The motional emf, for the path from the end A to the end B of the rod, due to its motion in magnetic field, can be expressed as

$$ \mathscr{E}_{motional} = \int_A^B \mathbf v_{conductor} \times \mathbf B_{ext} \cdot d\mathbf l . $$ Notice $\mathbf v_{conductor}$ here is not velocity of the mobile charge, but velocity of the conductor body element. This, together with using the fixed vertical $d\mathbf l$ not affected by charge's actual motion, makes the vector $\mathbf v\times \mathbf B$ have some component along $d\mathbf l$, and thus the integral may be non-zero.

The intensity $\mathbf v_{conductor} \times \mathbf B_{ext}$ pushing on current is not actually the external Lorentz force per unit charge, but the effective EMF intensity due to combined effect of both 1) the external Lorentz force, and 2) the internal forces from the rest of the conductor, acting on the mobile charges. So denoting the motional EMF intensity as $\mathbf f_{mag}$ is very inappropriate and bound to cause confusion. It is better to use something like $\mathbf E^*$, or $\mathbf E_{motional}$.

Now the bar experiences a magnetic force: $$\mathbf{F}_{mag} = \oint (\mathbf{v} \times \mathbf{B})dq$$

Oh no, that's not so. In general, the moving conductor experiences macroscopic magnetic force (a very different concept from the motional EMF above):

$$ \mathbf F_{magnetic} = \int_{conductor} \mathbf j \times \mathbf B~ dV $$ For the moving bar in the example, $\mathbf j$ does not have exactly the direction of the bar motion. It is not exactly parallel to $\mathbf v$, but has a vertical component as well, which makes the magnetic force expression lead to formula

$$ \mathbf F_{magnetic} = -BIL\mathbf e_{right}, $$ so the magnetic force acting on the moving conductor acts against the conductor motion, thus slowing it down.
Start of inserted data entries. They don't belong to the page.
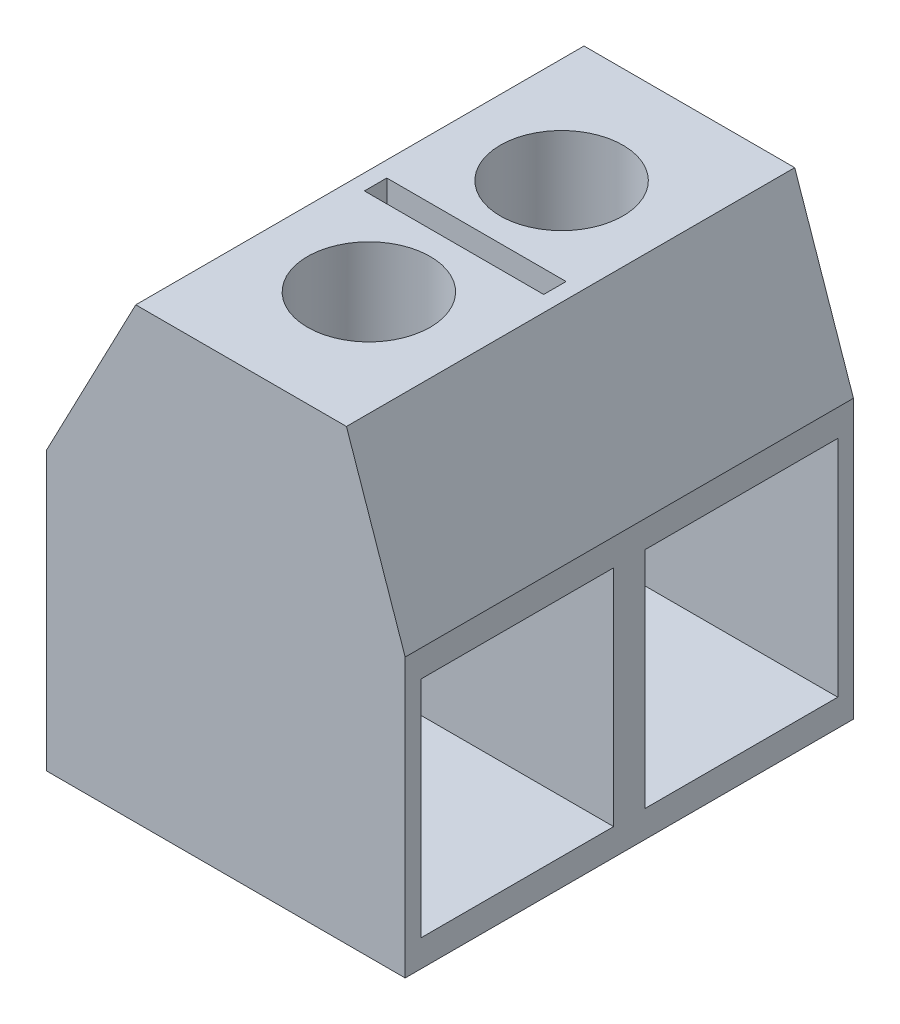
ISO-10303-21;
HEADER;
FILE_DESCRIPTION(('STEP AP214'),'2;1');
FILE_NAME('part.step','',(''),(''),'','','');
FILE_SCHEMA(('AUTOMOTIVE_DESIGN { 1 0 10303 214 1 1 1 1 }'));
ENDSEC;
DATA;
#1=APPLICATION_CONTEXT('core data for automotive mechanical design processes');
#2=APPLICATION_PROTOCOL_DEFINITION('international standard','automotive_design',2000,#1);
#3=PRODUCT_CONTEXT('',#1,'mechanical');
#4=PRODUCT('Part','Part','',(#3));
#5=PRODUCT_RELATED_PRODUCT_CATEGORY('part','',(#4));
#6=PRODUCT_DEFINITION_FORMATION('','',#4);
#7=PRODUCT_DEFINITION_CONTEXT('part definition',#1,'design');
#8=PRODUCT_DEFINITION('design','',#6,#7);
#9=PRODUCT_DEFINITION_SHAPE('','',#8);
#10=(LENGTH_UNIT() NAMED_UNIT(*) SI_UNIT(.MILLI.,.METRE.));
#11=(NAMED_UNIT(*) PLANE_ANGLE_UNIT() SI_UNIT($,.RADIAN.));
#12=(NAMED_UNIT(*) SI_UNIT($,.STERADIAN.) SOLID_ANGLE_UNIT());
#13=UNCERTAINTY_MEASURE_WITH_UNIT(LENGTH_MEASURE(1.E-05),#10,'distance_accuracy_value','');
#14=(GEOMETRIC_REPRESENTATION_CONTEXT(3) GLOBAL_UNCERTAINTY_ASSIGNED_CONTEXT((#13)) GLOBAL_UNIT_ASSIGNED_CONTEXT((#10,
#11,#12)) REPRESENTATION_CONTEXT('',''));
#15=CARTESIAN_POINT('',(0.,0.,0.));
#16=DIRECTION('',(0.,0.,1.));
#17=DIRECTION('',(1.,0.,0.));
#18=AXIS2_PLACEMENT_3D('',#15,#16,#17);
#19=CARTESIAN_POINT('',(-3.41522048364154,6.2,10.));
#20=DIRECTION('',(1.,0.,0.));
#21=DIRECTION('',(0.,1.,0.));
#22=AXIS2_PLACEMENT_3D('',#19,#20,#21);
#23=PLANE('',#22);
#24=DIRECTION('',(0.,-1.,0.));
#25=VECTOR('',#24,1.);
#26=CARTESIAN_POINT('',(-3.41522048364154,6.2,0.));
#27=LINE('',#26,#25);
#28=CARTESIAN_POINT('',(-3.41522048364154,6.2,0.));
#29=VERTEX_POINT('',#28);
#30=CARTESIAN_POINT('',(-3.41522048364153,0.,0.));
#31=VERTEX_POINT('',#30);
#32=EDGE_CURVE('E241',#29,#31,#27,.T.);
#33=ORIENTED_EDGE('',*,*,#32,.T.);
#34=DIRECTION('',(0.,0.,-1.));
#35=VECTOR('',#34,1.);
#36=CARTESIAN_POINT('',(-3.41522048364153,0.,10.));
#37=LINE('',#36,#35);
#38=CARTESIAN_POINT('',(-3.41522048364153,0.,10.));
#39=VERTEX_POINT('',#38);
#40=EDGE_CURVE('E13',#39,#31,#37,.T.);
#41=ORIENTED_EDGE('',*,*,#40,.F.);
#42=DIRECTION('',(0.,-1.,0.));
#43=VECTOR('',#42,1.);
#44=CARTESIAN_POINT('',(-3.41522048364154,6.2,10.));
#45=LINE('',#44,#43);
#46=CARTESIAN_POINT('',(-3.41522048364154,6.2,10.));
#47=VERTEX_POINT('',#46);
#48=EDGE_CURVE('E278',#47,#39,#45,.T.);
#49=ORIENTED_EDGE('',*,*,#48,.F.);
#50=DIRECTION('',(0.,0.,-1.));
#51=VECTOR('',#50,1.);
#52=CARTESIAN_POINT('',(-3.41522048364154,6.2,10.));
#53=LINE('',#52,#51);
#54=EDGE_CURVE('E292',#47,#29,#53,.T.);
#55=ORIENTED_EDGE('',*,*,#54,.T.);
#56=EDGE_LOOP('',(#33,#41,#49,#55));
#57=FACE_BOUND('',#56,.T.);
#58=ADVANCED_FACE('F46',(#57),#23,.F.);
#59=CARTESIAN_POINT('',(-3.41522048364153,0.,10.));
#60=DIRECTION('',(0.,1.,0.));
#61=DIRECTION('',(0.,0.,1.));
#62=AXIS2_PLACEMENT_3D('',#59,#60,#61);
#63=PLANE('',#62);
#64=DIRECTION('',(1.,0.,0.));
#65=VECTOR('',#64,1.);
#66=CARTESIAN_POINT('',(-3.41522048364153,0.,0.));
#67=LINE('',#66,#65);
#68=CARTESIAN_POINT('',(4.58477951635847,0.,0.));
#69=VERTEX_POINT('',#68);
#70=EDGE_CURVE('E295',#31,#69,#67,.T.);
#71=ORIENTED_EDGE('',*,*,#70,.T.);
#72=DIRECTION('',(0.,0.,-1.));
#73=VECTOR('',#72,1.);
#74=CARTESIAN_POINT('',(4.58477951635847,0.,10.));
#75=LINE('',#74,#73);
#76=CARTESIAN_POINT('',(4.58477951635847,0.,10.));
#77=VERTEX_POINT('',#76);
#78=EDGE_CURVE('E54',#77,#69,#75,.T.);
#79=ORIENTED_EDGE('',*,*,#78,.F.);
#80=DIRECTION('',(1.,0.,0.));
#81=VECTOR('',#80,1.);
#82=CARTESIAN_POINT('',(-3.41522048364153,0.,10.));
#83=LINE('',#82,#81);
#84=EDGE_CURVE('E281',#39,#77,#83,.T.);
#85=ORIENTED_EDGE('',*,*,#84,.F.);
#86=ORIENTED_EDGE('',*,*,#40,.T.);
#87=EDGE_LOOP('',(#71,#79,#85,#86));
#88=FACE_BOUND('',#87,.T.);
#89=ADVANCED_FACE('F342',(#88),#63,.F.);
#90=CARTESIAN_POINT('',(4.58477951635847,0.,10.));
#91=DIRECTION('',(-1.,0.,0.));
#92=DIRECTION('',(0.,0.,1.));
#93=AXIS2_PLACEMENT_3D('',#90,#91,#92);
#94=PLANE('',#93);
#95=DIRECTION('',(0.,0.,1.));
#96=VECTOR('',#95,1.);
#97=CARTESIAN_POINT('',(4.58477951635847,5.6,4.65));
#98=LINE('',#97,#96);
#99=CARTESIAN_POINT('',(4.58477951635847,5.6,0.35));
#100=VERTEX_POINT('',#99);
#101=CARTESIAN_POINT('',(4.58477951635847,5.6,4.65));
#102=VERTEX_POINT('',#101);
#103=EDGE_CURVE('E230',#100,#102,#98,.T.);
#104=ORIENTED_EDGE('',*,*,#103,.F.);
#105=DIRECTION('',(0.,1.,0.));
#106=VECTOR('',#105,1.);
#107=CARTESIAN_POINT('',(4.58477951635847,0.599999999999999,0.350000000000001));
#108=LINE('',#107,#106);
#109=CARTESIAN_POINT('',(4.58477951635847,0.599999999999999,0.350000000000001));
#110=VERTEX_POINT('',#109);
#111=EDGE_CURVE('E70',#110,#100,#108,.T.);
#112=ORIENTED_EDGE('',*,*,#111,.F.);
#113=DIRECTION('',(0.,0.,-1.));
#114=VECTOR('',#113,1.);
#115=CARTESIAN_POINT('',(4.58477951635847,0.599999999999999,4.65));
#116=LINE('',#115,#114);
#117=CARTESIAN_POINT('',(4.58477951635847,0.599999999999999,4.65));
#118=VERTEX_POINT('',#117);
#119=EDGE_CURVE('E219',#118,#110,#116,.T.);
#120=ORIENTED_EDGE('',*,*,#119,.F.);
#121=DIRECTION('',(0.,-1.,0.));
#122=VECTOR('',#121,1.);
#123=CARTESIAN_POINT('',(4.58477951635847,0.599999999999999,4.65));
#124=LINE('',#123,#122);
#125=EDGE_CURVE('E234',#102,#118,#124,.T.);
#126=ORIENTED_EDGE('',*,*,#125,.F.);
#127=EDGE_LOOP('',(#104,#112,#120,#126));
#128=FACE_BOUND('',#127,.T.);
#129=DIRECTION('',(0.,0.,1.));
#130=VECTOR('',#129,1.);
#131=CARTESIAN_POINT('',(4.58477951635847,5.6,5.35));
#132=LINE('',#131,#130);
#133=CARTESIAN_POINT('',(4.58477951635847,5.6,5.35));
#134=VERTEX_POINT('',#133);
#135=CARTESIAN_POINT('',(4.58477951635847,5.6,9.65));
#136=VERTEX_POINT('',#135);
#137=EDGE_CURVE('E263',#134,#136,#132,.T.);
#138=ORIENTED_EDGE('',*,*,#137,.F.);
#139=DIRECTION('',(0.,1.,0.));
#140=VECTOR('',#139,1.);
#141=CARTESIAN_POINT('',(4.58477951635847,0.600000000000002,5.35));
#142=LINE('',#141,#140);
#143=CARTESIAN_POINT('',(4.58477951635847,0.600000000000002,5.35));
#144=VERTEX_POINT('',#143);
#145=EDGE_CURVE('E261',#144,#134,#142,.T.);
#146=ORIENTED_EDGE('',*,*,#145,.F.);
#147=DIRECTION('',(0.,0.,-1.));
#148=VECTOR('',#147,1.);
#149=CARTESIAN_POINT('',(4.58477951635847,0.600000000000002,5.35));
#150=LINE('',#149,#148);
#151=CARTESIAN_POINT('',(4.58477951635847,0.600000000000002,9.65));
#152=VERTEX_POINT('',#151);
#153=EDGE_CURVE('E251',#152,#144,#150,.T.);
#154=ORIENTED_EDGE('',*,*,#153,.F.);
#155=DIRECTION('',(0.,-1.,0.));
#156=VECTOR('',#155,1.);
#157=CARTESIAN_POINT('',(4.58477951635847,0.600000000000002,9.65));
#158=LINE('',#157,#156);
#159=EDGE_CURVE('E266',#136,#152,#158,.T.);
#160=ORIENTED_EDGE('',*,*,#159,.F.);
#161=EDGE_LOOP('',(#138,#146,#154,#160));
#162=FACE_BOUND('',#161,.T.);
#163=DIRECTION('',(0.,1.,0.));
#164=VECTOR('',#163,1.);
#165=CARTESIAN_POINT('',(4.58477951635847,0.,0.));
#166=LINE('',#165,#164);
#167=CARTESIAN_POINT('',(4.58477951635847,6.2,0.));
#168=VERTEX_POINT('',#167);
#169=EDGE_CURVE('E297',#69,#168,#166,.T.);
#170=ORIENTED_EDGE('',*,*,#169,.T.);
#171=DIRECTION('',(0.,0.,-1.));
#172=VECTOR('',#171,1.);
#173=CARTESIAN_POINT('',(4.58477951635847,6.2,10.));
#174=LINE('',#173,#172);
#175=CARTESIAN_POINT('',(4.58477951635847,6.2,10.));
#176=VERTEX_POINT('',#175);
#177=EDGE_CURVE('E312',#176,#168,#174,.T.);
#178=ORIENTED_EDGE('',*,*,#177,.F.);
#179=DIRECTION('',(0.,1.,0.));
#180=VECTOR('',#179,1.);
#181=CARTESIAN_POINT('',(4.58477951635847,0.,10.));
#182=LINE('',#181,#180);
#183=EDGE_CURVE('E284',#77,#176,#182,.T.);
#184=ORIENTED_EDGE('',*,*,#183,.F.);
#185=ORIENTED_EDGE('',*,*,#78,.T.);
#186=EDGE_LOOP('',(#170,#178,#184,#185));
#187=FACE_BOUND('',#186,.T.);
#188=ADVANCED_FACE('F347',(#128,#162,#187),#94,.F.);
#189=CARTESIAN_POINT('',(4.58477951635847,6.2,10.));
#190=DIRECTION('',(-0.945410467545081,-0.325881953867028,0.));
#191=DIRECTION('',(0.325881953867028,-0.945410467545081,0.));
#192=AXIS2_PLACEMENT_3D('',#189,#190,#191);
#193=PLANE('',#192);
#194=DIRECTION('',(-0.325881953867028,0.945410467545081,0.));
#195=VECTOR('',#194,1.);
#196=CARTESIAN_POINT('',(4.58477951635847,6.2,0.));
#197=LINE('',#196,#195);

In energy terms, kinetic energy of the conductor(or work of external force pushing it) transforms into work of motional EMF acting on the current. External magnetic field does no work, it just enables this transfer.

Answer 2

Adding a little to @JánLalinský, the power balancing equation (conservation of energy) goes like this.

$\mathcal E_{\rm motional} = B\, L\,v$ and so the electrical power dissipated in the circuit is $\mathcal E_{\rm motional}\,I= B\,L\,v\,I$.

The external power needed to move the bar at a constant velocity is $F_{\rm external}\,v = B\,I\, L \, v$.

So the external power need to move the bar at constant velocity is equal to the electrical power dissipated in the circuit.